More than 35 million people from West Virginia to Maine are under winter storm alerts as the Northeast and New England brace for a nor’easter that is set to blast the region with heavy snow, which will significantly disrupt travel along the Interstate 95 corridor from New York City to Providence in Rhode Island and into Boston.
This storm is the same system that is impacting the Southeast on Monday, bringing the risk of severe weather, including possible tornadoes and flash flooding, to millions of people before it continues its move to the northeast, where it will exit the East Coast in the mid-Atlantic and quickly strengthen south of New England on Tuesday.
The FOX Forecast Center said the nor’easter will begin as rain for most people but will quickly transition to snow as the system pushes off the East Coast and begins to pull in the colder air from the north in Canada.
As of Monday evening, 24% of flights scheduled to travel in or out of LaGuardia Airport had been canceled before the storm.
Also, ahead of the nor’easter, New York City Mayor Eric Adams said all New York City Public Schools would move to remote learning on Tuesday.
At the same time, Boston Mayor Michelle Wu declared a snow emergency for the city and said Boston Public Schools would be closed on Tuesday.
Officials in Providence also announced that schools would be closed on Tuesday due to the approaching nor’easter.
New York City, Providence, Boston under Winter Storm Warning
Winter weather alerts stretch from northeastern West Virginia to southern Maine and include major cities across the region, such as New York City, Boston and Providence.
A Winter Storm Warning was issued for New York City, which is the first time since January 2022 that the Big Apple has seen that type of winter weather alert.
A total of 35 million were placed under Winter Storm Warnings, including parts of central and eastern Pennsylvania, including State College and Scranton.
All of Connecticut, including Hartford, Bridgeport, New Haven and New London, are also included in the Winter Storm Warning, as is the state of Rhode Island, including Providence.
The Winter Storm Warning is also in effect for most of Massachusetts, including Springfield, Worcester and Boston.
How much snow will fall from the nor’easter
The Northeast and New England are notorious for experiencing winter storms that can last 24 hours or more, but this one will be a quick-hitter.
However, despite the speed at which the storm enters and exits the region, the snow will come down fast and furious in many areas.
The bulk of the heavy snow will occur just as the Tuesday morning commute gets underway, making for treacherous travel on major roads and highways in the region, including Interstate 95 north of Philadelphia and Interstate 90 in Massachusetts.
The FOX Forecast Center said snowfall rates could approach 1–3 inches per hour during that time. With snowfall rates that high, it will quickly accumulate on roads, only adding to the dangerous driving conditions.
Visibility will also be limited to under a half-mile in the heaviest snow bands.
Up to a foot of snow with locally higher amounts is possible in parts of eastern Pennsylvania, southern New York and southern New England.

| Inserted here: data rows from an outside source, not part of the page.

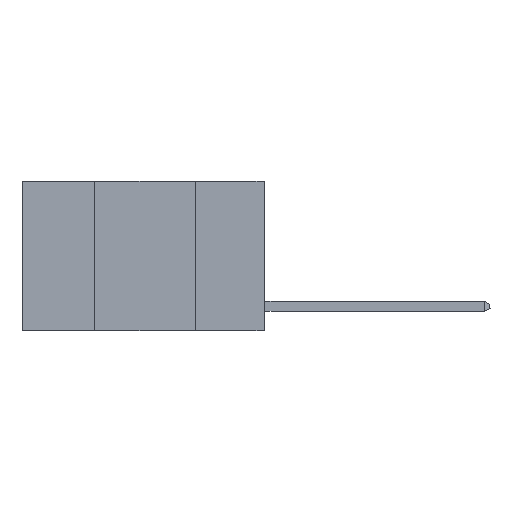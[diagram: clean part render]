
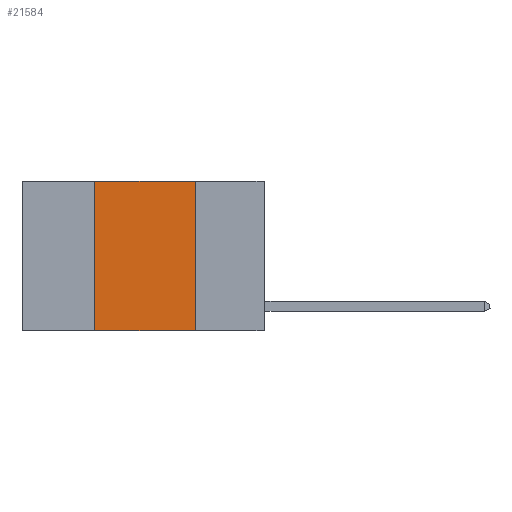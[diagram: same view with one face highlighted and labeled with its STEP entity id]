
A CAD part, left-side view. The second image highlights one B-rep face of the part: STEP entity #21584.
In plain terms, the highlighted planar face has unit normal (-1, 0, 0).
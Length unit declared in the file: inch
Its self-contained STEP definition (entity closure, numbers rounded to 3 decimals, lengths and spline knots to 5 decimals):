
#597 = DIRECTION ( 'NONE',  ( 0., 0., 1. ) ) ;
#871 = PLANE ( 'NONE',  #21761 ) ;
#1930 = CARTESIAN_POINT ( 'NONE',  ( 0., 0.17, 0. ) ) ;
#1989 = DIRECTION ( 'NONE',  ( 0., -1., 0. ) ) ;
#2111 = VECTOR ( 'NONE', #1989, 39.37008 ) ;
#4246 = ORIENTED_EDGE ( 'NONE', *, *, #4254, .T. ) ;
#4254 = EDGE_CURVE ( 'NONE', #15522, #8370, #20733, .T. ) ;
#4369 = CARTESIAN_POINT ( 'NONE',  ( 0., 0.6, 0. ) ) ;
#4862 = VERTEX_POINT ( 'NONE', #1930 ) ;
#5565 = LINE ( 'NONE', #20904, #7129 ) ;
#5847 = DIRECTION ( 'NONE',  ( 1., 0., 0. ) ) ;
#5953 = DIRECTION ( 'NONE',  ( 0., 0., -1. ) ) ;
#6798 = ORIENTED_EDGE ( 'NONE', *, *, #7662, .F. ) ;
#7129 = VECTOR ( 'NONE', #597, 39.37008 ) ;
#7662 = EDGE_CURVE ( 'NONE', #15522, #11056, #5565, .T. ) ;
#8359 = CARTESIAN_POINT ( 'NONE',  ( 0., 0.42, 0. ) ) ;
#8370 = VERTEX_POINT ( 'NONE', #10813 ) ;
#9796 = LINE ( 'NONE', #14827, #10989 ) ;
#10813 = CARTESIAN_POINT ( 'NONE',  ( 0., 0.17, -0.37 ) ) ;
#10989 = VECTOR ( 'NONE', #16367, 39.37008 ) ;
#11056 = VERTEX_POINT ( 'NONE', #8359 ) ;
#11132 = DIRECTION ( 'NONE',  ( 0., -1., 0. ) ) ;
#11185 = EDGE_CURVE ( 'NONE', #4862, #8370, #9796, .T. ) ;
#12479 = CARTESIAN_POINT ( 'NONE',  ( 0., 0.6, 0. ) ) ;
#12864 = EDGE_LOOP ( 'NONE', ( #16220, #16451, #6798, #4246 ) ) ;
#14827 = CARTESIAN_POINT ( 'NONE',  ( 0., 0.17, 0. ) ) ;
#15522 = VERTEX_POINT ( 'NONE', #16275 ) ;
#15987 = EDGE_CURVE ( 'NONE', #11056, #4862, #19599, .T. ) ;
#16220 = ORIENTED_EDGE ( 'NONE', *, *, #11185, .F. ) ;
#16275 = CARTESIAN_POINT ( 'NONE',  ( 0., 0.42, -0.37 ) ) ;
#16367 = DIRECTION ( 'NONE',  ( 0., 0., -1. ) ) ;
#16451 = ORIENTED_EDGE ( 'NONE', *, *, #15987, .F. ) ;
#17607 = FACE_OUTER_BOUND ( 'NONE', #12864, .T. ) ;
#18503 = VECTOR ( 'NONE', #11132, 39.37008 ) ;
#19046 = CARTESIAN_POINT ( 'NONE',  ( 0., 0.6, -0.37 ) ) ;
#19599 = LINE ( 'NONE', #4369, #18503 ) ;
#20733 = LINE ( 'NONE', #19046, #2111 ) ;
#20904 = CARTESIAN_POINT ( 'NONE',  ( 0., 0.42, 0. ) ) ;
#21584 = ADVANCED_FACE ( 'NONE', ( #17607 ), #871, .F. ) ;
#21761 = AXIS2_PLACEMENT_3D ( 'NONE', #12479, #5847, #5953 ) ;

The FOX Forecast Center said the New York City tri-state area, northern New Jersey and northeastern Pennsylvania could see snowfall totals of 5–8 inches. The Boston area, eastern Connecticut and Rhode Island are at risk of seeing 8–12 inches of snow.
Power outages, coastal flooding possible
The FOX Forecast Center said power outages are also a concern due to the heavy, wet nature of the snow. As it accumulates, a heavier snow packed with water can add tremendous weight to tree limbs and power lines.
That, coupled with high wind gusts, could lead to snapped tree limbs and power lines, as well as possible damage to structures.
Winds could gust to 50 mph near the coast, which has prompted High Wind Warnings for coastal Massachusetts, including Cape Cod, Martha’s Vineyard and Nantucket.
Farther inland, winds could gust up to 30 mph.
Coastal flooding is also a concern as the storm tracks to the south of Long Island and New England, which will create strong northeasterly winds that will cause some moderate coastal flooding at high tide on Tuesday along portions of the New York and New England coasts.